My Big Fat Greek Wedding/Sweet Home Alabama ($27.95/$29.99 DVD) Like Sherman marching through Georgia, My Big Fat Greek Wedding rolled over the box office in 2002, barreling past $238 million to make it into the domestic all-time Top 30. Even more impressive, it's the only romantic comedy in the Top 50. (What Women Want, the next entry, clocks in at No. 58.) Its flukish success had box-office analysts scrambling, but if its extraordinary takings are best chalked up to the whims of fate, the basis of its popularity isn't that hard to understand. Director Joel Zwick might get the highest billing, but it's pretty obvious star/screenwriter Nia Vardalos, who based the script on her own life, is the real auteur here. While Vardalos' supper-club voiceover can be cloying at times, she's as immensely likable as any good sitcom actor; she'd be great as the Greek Friend, if Jennifer Aniston weren't already filling that role. (Of course, the film is being developed as a sitcom for the fall season.) Zwick's direction is clumsy at best -- the scene where Vardalos fishes a college brochure, symbolic of her desire to change her life, out of a Dumpster behind her father's restaurant is so beset with mood-enhancing wind you'd think she was being visited by a holy helicopter -- and John Corbett's romantic lead is a wet noodle with stringy hair. But Vardalos injects a glossed-up version of truth into every scene. It's too simplistic to say audiences respond to honesty, but when the alternative is something like Sweet Home Alabama, you can see why Wedding trounced the competition. Though, like Wedding, Sweet Home has its similarities to its star's life -- well, at least Reese Witherspoon is Southern -- it's so immediately, repulsively false that I had to shut it off after several minutes. You just know if My Big Fat Greek Wedding had staged that scene where Witherspoon's wealthy boyfriend proposes by sneaking her into Tiffany's after closing time, Vardalos would've thrown in a bit where the manager urges his clerks to push the most expensive ring, rather than having them all standing there grinning like idiots. Given the choice between genial schlock and vile schlock, I'll take genial any day.

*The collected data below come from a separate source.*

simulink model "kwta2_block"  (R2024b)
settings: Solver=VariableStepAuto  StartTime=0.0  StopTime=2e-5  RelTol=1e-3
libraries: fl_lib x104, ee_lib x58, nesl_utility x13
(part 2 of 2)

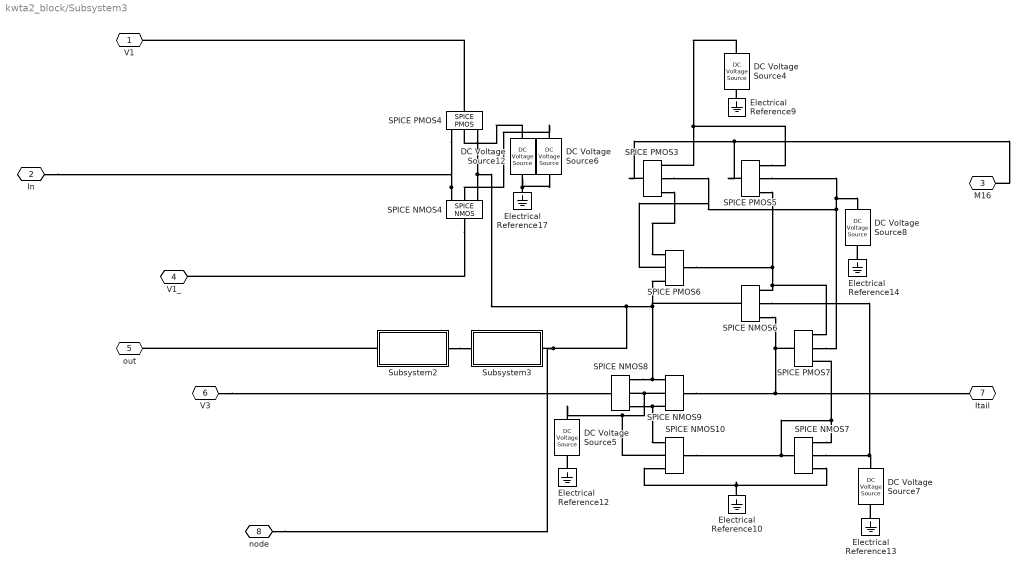
== system kwta2_block/Subsystem3 ==
  DC Voltage Source12 : fl_lib/Electrical/Electrical Sources/DC Voltage Source  v0=5 V
  DC Voltage Source4 : fl_lib/Electrical/Electrical Sources/DC Voltage Source  v0=5 V
  DC Voltage Source5 : fl_lib/Electrical/Electrical Sources/DC Voltage Source  v0=-5 V
  DC Voltage Source6 : fl_lib/Electrical/Electrical Sources/DC Voltage Source  v0=-5 V
  DC Voltage Source7 : fl_lib/Electrical/Electrical Sources/DC Voltage Source  v0=-5 V
  DC Voltage Source8 : fl_lib/Electrical/Electrical Sources/DC Voltage Source  v0=5 V
  Electrical Reference{9..10,12..14,17} (6 alike) : fl_lib/Electrical/Electrical Elements/Electrical Reference
  SPICE NMOS10 : ee_lib/Additional Components/SPICE Semiconductors/SPICE NMOS  LEVEL=3  AREA=1  SCALE=1  LENGTH=5 um  WIDTH=11 um  AD=0 m^2  AS=0 m^2  PD=0 m  PS=0 m  NRD=1  NRS=1  RD=0.01 Ohm  RS=1e-4 Ohm  RSH=NaN Ohm  VTO=0 V  KP=2e-5 A/V^2  GAMMA=0 V^0.50000  PHI=0.6 V  LAMBDA=0 1/V  IS=1e-14 A  N=1  JS=0 A/m^2  DELTA=0  VMAX=0 m/s  NFS=0 1/cm^2  ETA=0  THETA=0 1/V  KAPPA=0.2  Ci_param=ee.enum.intrinsicCapacitance.none  Cov_param=1  CGSO=0 F/m  CGDO=0 F/m  CGBO=0 F/m  C_param=1  CBD=0 F  CBS=0 F  PB=0.8 V  CJ=0 F/m^2  MJ=0.5  CJSW=0 F/m  MJSW=0.5  FC=0.5  IC_given=1  ICVDS=0 V  ICVGS=0 V  ICVBS=0 V  TOX=1e-7 m  LD=0 m  U0=600 cm^2/s/V  NSUB=NaN 1/cm^3  TPG=1  NSS=0 1/cm^2  XJ=0 m  T_param=1  TFIXED=300.15 K  TMEAS=300.15 K  TOFFSET=0 K  UEXP=0  UCRIT=1e+4 V/cm  NEFF=1  MTYPE=1
      settings: InternalSimscapePortConfiguration="{\"Bottom\":[],\"Left\":[{\"id\":\"gx\",\"label\":\"\",\"type\":\"foundation.electrical.electrical\"}],\"Right\":[{\"id\":\"dx\",\"label\":\"\",\"type\":\"foundation.electrical.electrical\"},{\"id\":\"bx\",\"label\":\"\",\"type\":\"foundation.electrical.electrical\"},{\"id\":\"sx\",\"label\":\"\",\"type\":\"foundation.electrical.electrical\"}],\"Top\":[]}"
  SPICE NMOS4 : ee_lib/Additional Components/SPICE Semiconductors/SPICE NMOS  LEVEL=3  AREA=1  SCALE=1  LENGTH=5 um  WIDTH=4 um  AD=0 m^2  AS=0 m^2  PD=0 m  PS=0 m  NRD=1  NRS=1  RD=0.01 Ohm  RS=1e-4 Ohm  RSH=NaN Ohm  VTO=0 V  KP=2e-5 A/V^2  GAMMA=0 V^0.50000  PHI=0.6 V  LAMBDA=0 1/V  IS=1e-14 A  N=1  JS=0 A/m^2  DELTA=0  VMAX=0 m/s  NFS=0 1/cm^2  ETA=0  THETA=0 1/V  KAPPA=0.2  Ci_param=ee.enum.intrinsicCapacitance.none  Cov_param=1  CGSO=0 F/m  CGDO=0 F/m  CGBO=0 F/m  C_param=1  CBD=0 F  CBS=0 F  PB=0.8 V  CJ=0 F/m^2  MJ=0.5  CJSW=0 F/m  MJSW=0.5  FC=0.5  IC_given=1  ICVDS=0 V  ICVGS=0 V  ICVBS=0 V  TOX=1e-7 m  LD=0 m  U0=600 cm^2/s/V  NSUB=NaN 1/cm^3  TPG=1  NSS=0 1/cm^2  XJ=0 m  T_param=1  TFIXED=300.15 K  TMEAS=300.15 K  TOFFSET=0 K  UEXP=0  UCRIT=1e+4 V/cm  NEFF=1  MTYPE=1
      settings: InternalSimscapePortConfiguration="{\"Bottom\":[],\"Left\":[{\"id\":\"gx\",\"label\":\"\",\"type\":\"foundation.electrical.electrical\"}],\"Right\":[{\"id\":\"dx\",\"label\":\"\",\"type\":\"foundation.electrical.electrical\"},{\"id\":\"bx\",\"label\":\"\",\"type\":\"foundation.electrical.electrical\"},{\"id\":\"sx\",\"label\":\"\",\"type\":\"foundation.electrical.electrical\"}],\"Top\":[]}"
  SPICE NMOS6 : ee_lib/Additional Components/SPICE Semiconductors/SPICE NMOS  LEVEL=3  AREA=1  SCALE=1  LENGTH=5 um  WIDTH=9 um  AD=0 m^2  AS=0 m^2  PD=0 m  PS=0 m  NRD=1  NRS=1  RD=0.01 Ohm  RS=1e-4 Ohm  RSH=NaN Ohm  VTO=0 V  KP=2e-5 A/V^2  GAMMA=0 V^0.50000  PHI=0.6 V  LAMBDA=0 1/V  IS=1e-14 A  N=1  JS=0 A/m^2  DELTA=0  VMAX=0 m/s  NFS=0 1/cm^2  ETA=0  THETA=0 1/V  KAPPA=0.2  Ci_param=ee.enum.intrinsicCapacitance.none  Cov_param=1  CGSO=0 F/m  CGDO=0 F/m  CGBO=0 F/m  C_param=1  CBD=0 F  CBS=0 F  PB=0.8 V  CJ=0 F/m^2  MJ=0.5  CJSW=0 F/m  MJSW=0.5  FC=0.5  IC_given=1  ICVDS=0 V  ICVGS=0 V  ICVBS=0 V  TOX=1e-7 m  LD=0 m  U0=600 cm^2/s/V  NSUB=NaN 1/cm^3  TPG=1  NSS=0 1/cm^2  XJ=0 m  T_param=1  TFIXED=300.15 K  TMEAS=300.15 K  TOFFSET=0 K  UEXP=0  UCRIT=1e+4 V/cm  NEFF=1  MTYPE=1
      settings: InternalSimscapePortConfiguration="{\"Bottom\":[],\"Left\":[{\"id\":\"gx\",\"label\":\"\",\"type\":\"foundation.electrical.electrical\"}],\"Right\":[{\"id\":\"dx\",\"label\":\"\",\"type\":\"foundation.electrical.electrical\"},{\"id\":\"bx\",\"label\":\"\",\"type\":\"foundation.electrical.electrical\"},{\"id\":\"sx\",\"label\":\"\",\"type\":\"foundation.electrical.electrical\"}],\"Top\":[]}"
  SPICE NMOS7 : ee_lib/Additional Components/SPICE Semiconductors/SPICE NMOS  LEVEL=3  AREA=1  SCALE=1  LENGTH=5 um  WIDTH=11 um  AD=0 m^2  AS=0 m^2  PD=0 m  PS=0 m  NRD=1  NRS=1  RD=0.01 Ohm  RS=1e-4 Ohm  RSH=NaN Ohm  VTO=0 V  KP=2e-5 A/V^2  GAMMA=0 V^0.50000  PHI=0.6 V  LAMBDA=0 1/V  IS=1e-14 A  N=1  JS=0 A/m^2  DELTA=0  VMAX=0 m/s  NFS=0 1/cm^2  ETA=0  THETA=0 1/V  KAPPA=0.2  Ci_param=ee.enum.intrinsicCapacitance.none  Cov_param=1  CGSO=0 F/m  CGDO=0 F/m  CGBO=0 F/m  C_param=1  CBD=0 F  CBS=0 F  PB=0.8 V  CJ=0 F/m^2  MJ=0.5  CJSW=0 F/m  MJSW=0.5  FC=0.5  IC_given=1  ICVDS=0 V  ICVGS=0 V  ICVBS=0 V  TOX=1e-7 m  LD=0 m  U0=600 cm^2/s/V  NSUB=NaN 1/cm^3  TPG=1  NSS=0 1/cm^2  XJ=0 m  T_param=1  TFIXED=300.15 K  TMEAS=300.15 K  TOFFSET=0 K  UEXP=0  UCRIT=1e+4 V/cm  NEFF=1  MTYPE=1
      settings: InternalSimscapePortConfiguration="{\"Bottom\":[],\"Left\":[{\"id\":\"gx\",\"label\":\"\",\"type\":\"foundation.electrical.electrical\"}],\"Right\":[{\"id\":\"dx\",\"label\":\"\",\"type\":\"foundation.electrical.electrical\"},{\"id\":\"bx\",\"label\":\"\",\"type\":\"foundation.electrical.electrical\"},{\"id\":\"sx\",\"label\":\"\",\"type\":\"foundation.electrical.electrical\"}],\"Top\":[]}"
  SPICE NMOS8 : ee_lib/Additional Components/SPICE Semiconductors/SPICE NMOS  LEVEL=3  AREA=1  SCALE=1  LENGTH=5 um  WIDTH=13 um  AD=0 m^2  AS=0 m^2  PD=0 m  PS=0 m  NRD=1  NRS=1  RD=0.01 Ohm  RS=1e-4 Ohm  RSH=NaN Ohm  VTO=0 V  KP=2e-5 A/V^2  GAMMA=0 V^0.50000  PHI=0.6 V  LAMBDA=0 1/V  IS=1e-14 A  N=1  JS=0 A/m^2  DELTA=0  VMAX=0 m/s  NFS=0 1/cm^2  ETA=0  THETA=0 1/V  KAPPA=0.2  Ci_param=ee.enum.intrinsicCapacitance.none  Cov_param=1  CGSO=0 F/m  CGDO=20 uF/m  CGBO=0 F/m  C_param=1  CBD=0 F  CBS=0 F  PB=0.8 V  CJ=0 F/m^2  MJ=0.5  CJSW=0 F/m  MJSW=0.5  FC=0.5  IC_given=1  ICVDS=0 V  ICVGS=0 V  ICVBS=0 V  TOX=1e-7 m  LD=0 m  U0=600 cm^2/s/V  NSUB=NaN 1/cm^3  TPG=1  NSS=0 1/cm^2  XJ=0 m  T_param=1  TFIXED=300.15 K  TMEAS=300.15 K  TOFFSET=0 K  UEXP=0  UCRIT=1e+4 V/cm  NEFF=1  MTYPE=1
      settings: InternalSimscapePortConfiguration="{\"Bottom\":[],\"Left\":[{\"id\":\"gx\",\"label\":\"\",\"type\":\"foundation.electrical.electrical\"}],\"Right\":[{\"id\":\"dx\",\"label\":\"\",\"type\":\"foundation.electrical.electrical\"},{\"id\":\"bx\",\"label\":\"\",\"type\":\"foundation.electrical.electrical\"},{\"id\":\"sx\",\"label\":\"\",\"type\":\"foundation.electrical.electrical\"}],\"Top\":[]}"
  SPICE NMOS9 : ee_lib/Additional Components/SPICE Semiconductors/SPICE NMOS  LEVEL=3  AREA=1  SCALE=1  LENGTH=5 um  WIDTH=13 um  AD=0 m^2  AS=0 m^2  PD=0 m  PS=0 m  NRD=1  NRS=1  RD=0.01 Ohm  RS=1e-4 Ohm  RSH=NaN Ohm  VTO=0 V  KP=2e-5 A/V^2  GAMMA=0 V^0.50000  PHI=0.6 V  LAMBDA=0 1/V  IS=1e-14 A  N=1  JS=0 A/m^2  DELTA=0  VMAX=0 m/s  NFS=0 1/cm^2  ETA=0  THETA=0 1/V  KAPPA=0.2  Ci_param=ee.enum.intrinsicCapacitance.none  Cov_param=2  CGSO=0 F/m  CGDO=1 uF/m  CGBO=0 F/m  C_param=2  CBD=0 F  CBS=0 F  PB=0.8 V  CJ=0 F/m^2  MJ=0.5  CJSW=0 F/m  MJSW=0.5  FC=0.5  IC_given=1  ICVDS=0 V  ICVGS=0 V  ICVBS=0 V  TOX=1e-7 m  LD=0 m  U0=600 cm^2/s/V  NSUB=NaN 1/cm^3  TPG=1  NSS=0 1/cm^2  XJ=0 m  T_param=1  TFIXED=300.15 K  TMEAS=300.15 K  TOFFSET=0 K  UEXP=0  UCRIT=1e+4 V/cm  NEFF=1  MTYPE=1
      settings: InternalSimscapePortConfiguration="{\"Bottom\":[],\"Left\":[{\"id\":\"gx\",\"label\":\"\",\"type\":\"foundation.electrical.electrical\"}],\"Right\":[{\"id\":\"dx\",\"label\":\"\",\"type\":\"foundation.electrical.electrical\"},{\"id\":\"bx\",\"label\":\"\",\"type\":\"foundation.electrical.electrical\"},{\"id\":\"sx\",\"label\":\"\",\"type\":\"foundation.electrical.electrical\"}],\"Top\":[]}"
  SPICE PMOS3 : ee_lib/Additional Components/SPICE Semiconductors/SPICE PMOS  LEVEL=3  AREA=1  SCALE=1  LENGTH=4 um  WIDTH=7 um  AD=0 m^2  AS=0 m^2  PD=0 m  PS=0 m  NRD=1  NRS=1  RD=0.01 Ohm  RS=1e-4 Ohm  RSH=NaN Ohm  VTO=0 V  KP=2e-5 A/V^2  GAMMA=0 V^0.50000  PHI=0.6 V  LAMBDA=0 1/V  IS=1e-14 A  N=1  JS=0 A/m^2  DELTA=0  VMAX=0 m/s  NFS=0 1/cm^2  ETA=0  THETA=0 1/V  KAPPA=0.2  Ci_param=ee.enum.intrinsicCapacitance.none  Cov_param=1  CGSO=0 F/m  CGDO=0 F/m  CGBO=0 F/m  C_param=1  CBD=0 F  CBS=0 F  PB=0.8 V  CJ=0 F/m^2  MJ=0.5  CJSW=0 F/m  MJSW=0.5  FC=0.5  IC_given=1  ICVDS=0 V  ICVGS=0 V  ICVBS=0 V  TOX=1e-7 m  LD=0 m  U0=600 cm^2/s/V  NSUB=NaN 1/cm^3  TPG=1  NSS=0 1/cm^2  XJ=0 m  T_param=1  TFIXED=300.15 K  TMEAS=300.15 K  TOFFSET=0 K  UEXP=0  UCRIT=1e+4 V/cm  NEFF=1  MTYPE=-1
      settings: InternalSimscapePortConfiguration="{\"Bottom\":[],\"Left\":[{\"id\":\"gx\",\"label\":\"\",\"type\":\"foundation.electrical.electrical\"}],\"Right\":[{\"id\":\"dx\",\"label\":\"\",\"type\":\"foundation.electrical.electrical\"},{\"id\":\"bx\",\"label\":\"\",\"type\":\"foundation.electrical.electrical\"},{\"id\":\"sx\",\"label\":\"\",\"type\":\"foundation.electrical.electrical\"}],\"Top\":[]}"
  SPICE PMOS4 : ee_lib/Additional Components/SPICE Semiconductors/SPICE PMOS  LEVEL=3  AREA=1  SCALE=1  LENGTH=5 um  WIDTH=4 um  AD=0 m^2  AS=0 m^2  PD=0 m  PS=0 m  NRD=1  NRS=1  RD=0.01 Ohm  RS=1e-4 Ohm  RSH=NaN Ohm  VTO=0 V  KP=2e-5 A/V^2  GAMMA=0 V^0.50000  PHI=0.6 V  LAMBDA=0 1/V  IS=1e-14 A  N=1  JS=0 A/m^2  DELTA=0  VMAX=0 m/s  NFS=0 1/cm^2  ETA=0  THETA=0 1/V  KAPPA=0.2  Ci_param=ee.enum.intrinsicCapacitance.none  Cov_param=1  CGSO=0 F/m  CGDO=0 F/m  CGBO=0 F/m  C_param=1  CBD=0 F  CBS=0 F  PB=0.8 V  CJ=0 F/m^2  MJ=0.5  CJSW=0 F/m  MJSW=0.5  FC=0.5  IC_given=1  ICVDS=0 V  ICVGS=0 V  ICVBS=0 V  TOX=1e-7 m  LD=0 m  U0=600 cm^2/s/V  NSUB=NaN 1/cm^3  TPG=1  NSS=0 1/cm^2  XJ=0 m  T_param=1  TFIXED=300.15 K  TMEAS=300.15 K  TOFFSET=0 K  UEXP=0  UCRIT=1e+4 V/cm  NEFF=1  MTYPE=-1
      settings: InternalSimscapePortConfiguration="{\"Bottom\":[],\"Left\":[{\"id\":\"gx\",\"label\":\"\",\"type\":\"foundation.electrical.electrical\"}],\"Right\":[{\"id\":\"dx\",\"label\":\"\",\"type\":\"foundation.electrical.electrical\"},{\"id\":\"bx\",\"label\":\"\",\"type\":\"foundation.electrical.electrical\"},{\"id\":\"sx\",\"label\":\"\",\"type\":\"foundation.electrical.electrical\"}],\"Top\":[]}"
  SPICE PMOS5 : ee_lib/Additional Components/SPICE Semiconductors/SPICE PMOS  LEVEL=3  AREA=1  SCALE=1  LENGTH=4 um  WIDTH=21 um  AD=0 m^2  AS=0 m^2  PD=0 m  PS=0 m  NRD=1  NRS=1  RD=0.01 Ohm  RS=1e-4 Ohm  RSH=NaN Ohm  VTO=0 V  KP=2e-5 A/V^2  GAMMA=0 V^0.50000  PHI=0.6 V  LAMBDA=0 1/V  IS=1e-14 A  N=1  JS=0 A/m^2  DELTA=0  VMAX=0 m/s  NFS=0 1/cm^2  ETA=0  THETA=0 1/V  KAPPA=0.2  Ci_param=ee.enum.intrinsicCapacitance.none  Cov_param=1  CGSO=0 F/m  CGDO=0 F/m  CGBO=0 F/m  C_param=1  CBD=0 F  CBS=0 F  PB=0.8 V  CJ=0 F/m^2  MJ=0.5  CJSW=0 F/m  MJSW=0.5  FC=0.5  IC_given=1  ICVDS=0 V  ICVGS=0 V  ICVBS=0 V  TOX=1e-7 m  LD=0 m  U0=600 cm^2/s/V  NSUB=NaN 1/cm^3  TPG=1  NSS=0 1/cm^2  XJ=0 m  T_param=1  TFIXED=300.15 K  TMEAS=300.15 K  TOFFSET=0 K  UEXP=0  UCRIT=1e+4 V/cm  NEFF=1  MTYPE=-1
      settings: InternalSimscapePortConfiguration="{\"Bottom\":[],\"Left\":[{\"id\":\"gx\",\"label\":\"\",\"type\":\"foundation.electrical.electrical\"}],\"Right\":[{\"id\":\"dx\",\"label\":\"\",\"type\":\"foundation.electrical.electrical\"},{\"id\":\"bx\",\"label\":\"\",\"type\":\"foundation.electrical.electrical\"},{\"id\":\"sx\",\"label\":\"\",\"type\":\"foundation.electrical.electrical\"}],\"Top\":[]}"
  SPICE PMOS6 : ee_lib/Additional Components/SPICE Semiconductors/SPICE PMOS  LEVEL=3  AREA=1  SCALE=1  LENGTH=4 um  WIDTH=7 um  AD=0 m^2  AS=0 m^2  PD=0 m  PS=0 m  NRD=1  NRS=1  RD=0.01 Ohm  RS=1e-4 Ohm  RSH=NaN Ohm  VTO=0 V  KP=2e-5 A/V^2  GAMMA=0 V^0.50000  PHI=0.6 V  LAMBDA=0 1/V  IS=1e-14 A  N=1  JS=0 A/m^2  DELTA=0  VMAX=0 m/s  NFS=0 1/cm^2  ETA=0  THETA=0 1/V  KAPPA=0.2  Ci_param=ee.enum.intrinsicCapacitance.none  Cov_param=1  CGSO=0 F/m  CGDO=0 F/m  CGBO=0 F/m  C_param=1  CBD=0 F  CBS=0 F  PB=0.8 V  CJ=0 F/m^2  MJ=0.5  CJSW=0 F/m  MJSW=0.5  FC=0.5  IC_given=1  ICVDS=0 V  ICVGS=0 V  ICVBS=0 V  TOX=1e-7 m  LD=0 m  U0=600 cm^2/s/V  NSUB=NaN 1/cm^3  TPG=1  NSS=0 1/cm^2  XJ=0 m  T_param=1  TFIXED=300.15 K  TMEAS=300.15 K  TOFFSET=0 K  UEXP=0  UCRIT=1e+4 V/cm  NEFF=1  MTYPE=-1
      settings: InternalSimscapePortConfiguration="{\"Bottom\":[],\"Left\":[{\"id\":\"gx\",\"label\":\"\",\"type\":\"foundation.electrical.electrical\"}],\"Right\":[{\"id\":\"dx\",\"label\":\"\",\"type\":\"foundation.electrical.electrical\"},{\"id\":\"bx\",\"label\":\"\",\"type\":\"foundation.electrical.electrical\"},{\"id\":\"sx\",\"label\":\"\",\"type\":\"foundation.electrical.electrical\"}],\"Top\":[]}"
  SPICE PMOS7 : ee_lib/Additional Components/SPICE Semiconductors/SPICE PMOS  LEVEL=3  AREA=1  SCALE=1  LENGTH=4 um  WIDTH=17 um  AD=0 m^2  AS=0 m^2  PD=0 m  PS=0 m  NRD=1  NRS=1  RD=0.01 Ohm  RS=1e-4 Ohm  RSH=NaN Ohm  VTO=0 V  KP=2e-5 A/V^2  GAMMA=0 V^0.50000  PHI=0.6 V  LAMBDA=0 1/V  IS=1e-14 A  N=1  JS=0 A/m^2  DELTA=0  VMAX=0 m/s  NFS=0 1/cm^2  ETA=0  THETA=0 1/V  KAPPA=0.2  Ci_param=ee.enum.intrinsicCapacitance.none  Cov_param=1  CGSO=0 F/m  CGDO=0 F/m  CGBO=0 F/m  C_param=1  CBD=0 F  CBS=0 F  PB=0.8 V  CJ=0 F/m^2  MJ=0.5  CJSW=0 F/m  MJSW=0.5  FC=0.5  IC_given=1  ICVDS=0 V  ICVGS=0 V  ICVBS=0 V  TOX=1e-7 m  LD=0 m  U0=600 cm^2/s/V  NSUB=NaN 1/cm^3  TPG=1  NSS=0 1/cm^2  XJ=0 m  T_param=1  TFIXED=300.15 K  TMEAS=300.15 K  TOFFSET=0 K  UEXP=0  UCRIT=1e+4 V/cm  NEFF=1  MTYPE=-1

The Slaughter Rule (Sun., Feb. 9, 7 p.m.; Wed., Feb. 12 and Thu., Feb. 13, 7:30 p.m., $8.50, Prince Music Theater, 1412 Chestnut St., 215-569-9700) Directed by former PFWC shorts programmers Andrew and Alex Smith, The Slaughter Rule is a Malick-esque tale of a high-school boy working through the death of his estranged father by playing a particularly rough form of pick-up football known as "six-man." The centrality of sports gives the film an unpleasant whiff of after-school special, but Ryan Gosling as the boy and David Morse as the coach turn in nuanced performances, and the film has a quiet air that's worth savoring. No further theatrical release is planned, and the film does lovely things with 35mm, so mark your calendar. Morse will take time off from shooting Hack to present Sunday's screening.

Red Beard (Sun., Feb. 9, 3:30 p.m.; Tue., Feb. 11, 7 p.m., $8.50, Prince Music Theater) Catch your breath from the Prince's Kurosawa/Mifune retrospective in this slow week, but don't skip over Red Beard, their final collaboration. Kurosawa spent two years filming the three-hour film, the story of the relationship between an eager medical intern and the hospital director (Mifune) who teaches him to appreciate life. The movie took something out of Kurosawa. The filming ended his relationship with Mifune, and, after filming 16 movies in 17 years, his pace slackened dramatically; he would only produce seven movies in the next 28 years.

Shane (Tue., Feb. 11, 1 p.m., $1, The Bridge, 40th and Walnut sts., 215-386-3300) The Bridge's Silver Screen Classics series continues with George Stevens' western tearjerker, the only American movie Woody Allen will admit to loving. Take that for what it's worth.